Beat.name not populated with logstash output

christiaanvanaken · May 19, 2017, 12:30pm

Data from Metricbeat is send to my central Logstash server and from there the output goes to Elasticsearch. If I do this, the field beat.name is always empty. If I change the Metricbeat configuration to send it to Elasticsearch directly, the field beat.name is correctly filled in with the hostname. I followed the manual for installing and configuring Metricbeat.

Please help!

ruflin · May 19, 2017, 12:56pm

Please share your beat version, beat config, LS config, LS version.

christiaanvanaken · May 19, 2017, 1:17pm

metricbeat version 5.4.0
logstash 5.4.0

file /etc/metricbeat/metricbeat.yml:

#----------------------------- Logstash output --------------------------------
output.logstash:

The Logstash hosts

hosts: ["monserver:5044"]

Optional SSL. By default is off.

List of root certificates for HTTPS server verifications

ssl.certificate_authorities: ["/etc/metricbeat/certificate.crt"]

Certificate for SSL client authentication

#ssl.certificate: "/etc/pki/client/cert.pem"

Client Certificate Key

#ssl.key: "/etc/pki/client/cert.key"

file /etc/logstash/conf.d/02-metricbeat.conf:

input {
beats {
port => 5044
codec => "json_lines"
ssl => true
ssl_certificate => "/etc/logstash/certificate.crt"
ssl_key => "/etc/logstash/certificate.key"
}
}

output {
elasticsearch {
hosts => "localhost:9200"
manage_template => false
index => "%{[@metadata][beat]}-%{+YYYY.MM.dd}"
document_type => "%{[@metadata][type]}"
}
}

ruflin · May 22, 2017, 10:34am

Why do you use the json codec?

christiaanvanaken · May 22, 2017, 7:00pm

Well it does not matter if I put it in there or not.
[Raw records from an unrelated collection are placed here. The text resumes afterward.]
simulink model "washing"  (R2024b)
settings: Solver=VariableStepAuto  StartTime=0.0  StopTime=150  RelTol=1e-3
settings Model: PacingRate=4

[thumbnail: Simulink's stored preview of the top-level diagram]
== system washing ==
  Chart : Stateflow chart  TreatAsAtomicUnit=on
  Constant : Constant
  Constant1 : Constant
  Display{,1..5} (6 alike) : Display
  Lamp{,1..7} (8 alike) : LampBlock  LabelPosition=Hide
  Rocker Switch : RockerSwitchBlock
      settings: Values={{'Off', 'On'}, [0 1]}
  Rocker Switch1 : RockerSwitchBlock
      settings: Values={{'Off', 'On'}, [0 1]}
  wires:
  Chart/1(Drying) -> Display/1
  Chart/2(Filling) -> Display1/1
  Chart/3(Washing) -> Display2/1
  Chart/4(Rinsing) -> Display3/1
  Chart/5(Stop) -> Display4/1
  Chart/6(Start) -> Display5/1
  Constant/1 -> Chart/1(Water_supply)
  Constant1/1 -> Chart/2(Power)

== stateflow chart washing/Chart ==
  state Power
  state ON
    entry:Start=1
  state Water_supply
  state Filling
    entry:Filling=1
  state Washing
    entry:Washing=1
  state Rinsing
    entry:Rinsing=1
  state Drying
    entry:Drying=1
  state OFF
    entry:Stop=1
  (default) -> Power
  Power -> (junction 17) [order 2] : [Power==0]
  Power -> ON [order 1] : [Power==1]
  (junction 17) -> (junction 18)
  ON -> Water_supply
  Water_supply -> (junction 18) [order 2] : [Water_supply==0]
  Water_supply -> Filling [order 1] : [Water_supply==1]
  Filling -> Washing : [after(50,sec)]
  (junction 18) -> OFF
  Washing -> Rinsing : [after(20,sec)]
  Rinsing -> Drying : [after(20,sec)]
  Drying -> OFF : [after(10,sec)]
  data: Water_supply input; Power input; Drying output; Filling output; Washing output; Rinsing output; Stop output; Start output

Either way it does give me the beat.name.

ruflin · May 23, 2017, 1:10pm

Can you enable the ruby debug output on LS to see if the events you receive that the beat.name set in it?

christiaanvanaken · May 24, 2017, 12:46pm

output received {"event"=>{"@timestamp"=>2017-05-24T12:48:18.417Z, "system"=>{"process"=>{"memory"=>{"rss"=>{"pct"=>0.0009, "bytes"=>3497984}, "size"=>224391168, "share"=>2859008}, "cmdline"=>"/usr/local/psa/admin/bin/modules/watchdog/monit -Ic /usr/local/psa/etc/modules/watchdog/monitrc", "pgid"=>824, "name"=>"monit", "cpu"=>{"start_time"=>"2017-05-02T22:03:36.000Z", "total"=>{"pct"=>0.0}}, "pid"=>824, "state"=>"sleeping", "fd"=>{"limit"=>{"hard"=>4096, "soft"=>1024}, "open"=>5}, "ppid"=>1, "username"=>"root"}}, "host"=>"", "metricset"=>{"rtt"=>55135, "module"=>"system", "name"=>"process"}, "GeoLocation"=>{}}}

I suppressed the real hostname, but it looks like the beat stuff is not coming to LS.

christiaanvanaken · May 24, 2017, 7:47pm

Problem solved, my mistake. I have more then one inpuf defined so I needed to add some tags to make sure the right filters and outputs are used.

system · June 21, 2017, 7:47pm

This topic was automatically closed 28 days after the last reply. New replies are no longer allowed.